Both Clarke and Uman referred to the Health and Human Services proposal, revealed by the New York Times the weekend before the shooting, to enact a policy defining sex as a binary of male and female only, widely seen as an attempt to effectively erase American trans and nonbinary people from existence. The proposal, which suggested using genetic testing to verify people’s sex, is what most people interviewed by INTO raised when asked whether they supported or opposed Trump’s LGBTQ-related policies.

“We’re seeing attacks on everyone’s rights,” says Chernomorets. “It’s not as if Jews are the only ones being targeted right now. In the same week, we’ve had so many attacks on trans folks — and that’s me too. I’m the trans Jew that you’re worried about.”

Chernomorets, who uses they/them pronouns, says they “stumbled upon” IfNotNow because they were trying to find a queer Jewish community. They live in communal housing for young Jews in their 20’s and 30’s, but felt especially excited by the number of LGBTQ people working with the group.

The shooting at Tree of Life is intricately linked to Pittsburgh’s LGBTQ community. One of the congregants killed, Dr. Jerry Rabinowitz, was beloved by many in the gay community for his early commitment to treating patients with HIV and AIDS in the days when many doctors refused to see them. “He was known in the community for keeping us alive the longest,” wrote ACT UP member Michael Kerr in an online tribute to Rabinowitz.

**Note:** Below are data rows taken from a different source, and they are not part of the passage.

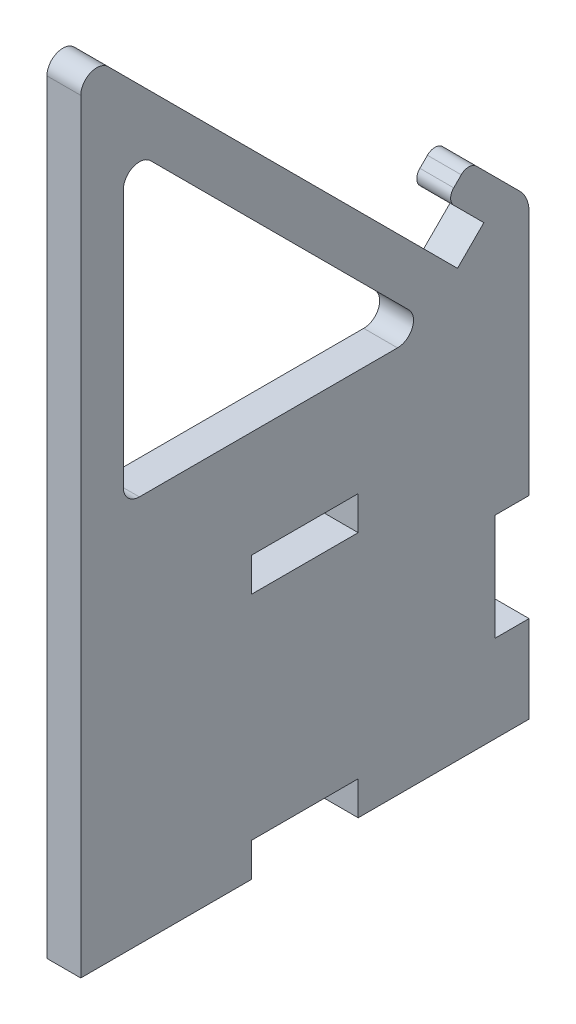
SolidWorks part; units mm, degrees
ref_plane "Plan de face" through (0, 0, 0) normal (0, 0, 1) x (1, 0, 0)
ref_plane "Plan de dessus" through (0, 0, 0) normal (0, 1, 0) x (1, 0, 0)
ref_plane "Plan de droite" through (0, 0, 0) normal (1, 0, 0) x (0, 0, -1)
sketch "Esquisse1" plane through (0, 0, 0) normal (1, 0, 0) x (0, 0, -1)
  line L0 (-42.0729, 0) -> (42.0729, 0)
  line L1 (42.0729, 0) -> (42.0729, 84.9497)
  line L2 (42.0729, 84.9497) -> (30.7591, 96.2635)
  line L3 (30.7591, 96.2635) -> (26.5165, 92.0208)
  line L4 (26.5165, 92.0208) -> (33.5876, 84.9497)
  line L5 (33.5876, 84.9497) -> (28.6378, 80)
  line L6 (28.6378, 80) -> (-42.0729, 150.7107)
  line L7 (-42.0729, 150.7107) -> (-42.0729, 0)
  point P2 (-17.9998, 6.3661)
  point P9 (30.052, 88.4853)
  point P10 (0, 0)
  point P11 (0, 0)
  point P12 (0, 0)
  dimension "D1" = 45
  dimension "D2" = 7
  dimension "D3" = 6
  dimension "D4" = 80
  dimension "D5" = 100
  dimension "D6" = 10
extrude "Boss.-Extru.1" add sketch "Esquisse1" along normal blind 6.35
sketch "Esquisse2" plane through (6.35, 0, 0) normal (1, 0, 0) x (0, 0, -1)
  line L0 (-42.0729, 0) -> (42.0729, 0) construction
  line L1 (-10, 0) -> (10, 0)
  line L2 (-10, 0) -> (-10, 6.35)
  line L3 (-10, 6.35) -> (10, 6.35)
  line L4 (10, 0) -> (10, 6.35)
  line L15 (-10, 52.7) -> (10, 52.7)
  line L16 (-10, 52.7) -> (-10, 46.35)
  line L17 (-10, 46.35) -> (10, 46.35)
  line L18 (10, 52.7) -> (10, 46.35)
  line L19 (42.0729, 0) -> (42.0729, 84.9497) construction
  line L29 (42.0729, 36.35) -> (35.7229, 36.35)
  line L30 (42.0729, 36.35) -> (42.0729, 16.35)
  line L31 (42.0729, 16.35) -> (35.7229, 16.35)
  line L32 (35.7229, 36.35) -> (35.7229, 16.35)
  point P6 (0, 0)
  point P7 (27.6491, 16.35)
  point P22 (35.7229, 26.35)
  dimension "D1" = 20
  dimension "D3" = 6.35
  dimension "D5" = 40
  dimension "D6" = 26.35
extrude "Enlèv. mat.-Extru.1" cut sketch "Esquisse2" against normal through all
fillet "Congé1" radius 6 1 edges at (3.175, 84.9497, -42.0729)
fillet "Congé2" radius 2 2 edges at (3.175, 92.0208, -26.5165) (3.175, 96.2635, -30.7591)
sketch "Esquisse4" plane through (6.35, 0, 0) normal (1, 0, 0) x (0, 0, -1)
  line L0 (24.6241, 72.7) -> (-34.0729, 72.7)
  line L1 (-34.0729, 72.7) -> (-34.0729, 131.397)
  line L2 (-34.0729, 131.397) -> (24.6241, 72.7)
  line L3 (28.6378, 80) -> (-42.0729, 150.7107) construction
  line L4 (-42.0729, 150.7107) -> (-42.0729, 0) construction
  line L5 (10, 52.7) -> (-10, 52.7) construction
  dimension "D1" = 8
  dimension "D2" = 8
  dimension "D3" = 20
extrude "Enlèv. mat.-Extru.2" cut sketch "Esquisse4" against normal through all
fillet "Congé4" radius 3 4 edges at (3.175, 72.7, -24.6241) (3.175, 72.7, 34.0729) (3.175, 131.397, 34.0729) (3.175, 150.7107, 42.0729)

LGBTQ community news outlets also reported that the shooting occurred during a bris for the adopted children of a gay couple. The presence of the gay couple was originally reported on Facebook by Pittsburgh LGBTQ nonprofit Delta Foundation, which organizes the city’s pride parade. But later, Delta Foundation said that even though several members of the community had reported the gay couple’s involvement, the foundation was unable to confirm or verify any further details and had edited the original Facebook post to remove the information.

Delta Foundation was among the groups organizing a second rally on Tuesday, along with Bend The Arc Jewish Action Network, Women’s March, Labor Council for Latin American Advancement, Torah Trumps Hate, and more. Around 1,000 people appeared to be at the ‘Pittsburgh Loves All Our Neighbors’ rally, which later marched down Forbes avenue through the Squirrel Hill neighborhood.

Chernomorets says the manner in which various parts of Pittsburgh communities have banded together is “unreal.”

“Trump empowers people to show the worst sides of themselves,” says Chernomorets. “Trump gives people that extra pat on the back that says ‘it’s OK to commit these kinds of atrocities, because the folks you’re committing atrocities against are not really people.’”

“But we are people,” Chernomorets adds. “We’re standing up, and we’re not dealing with this anymore.”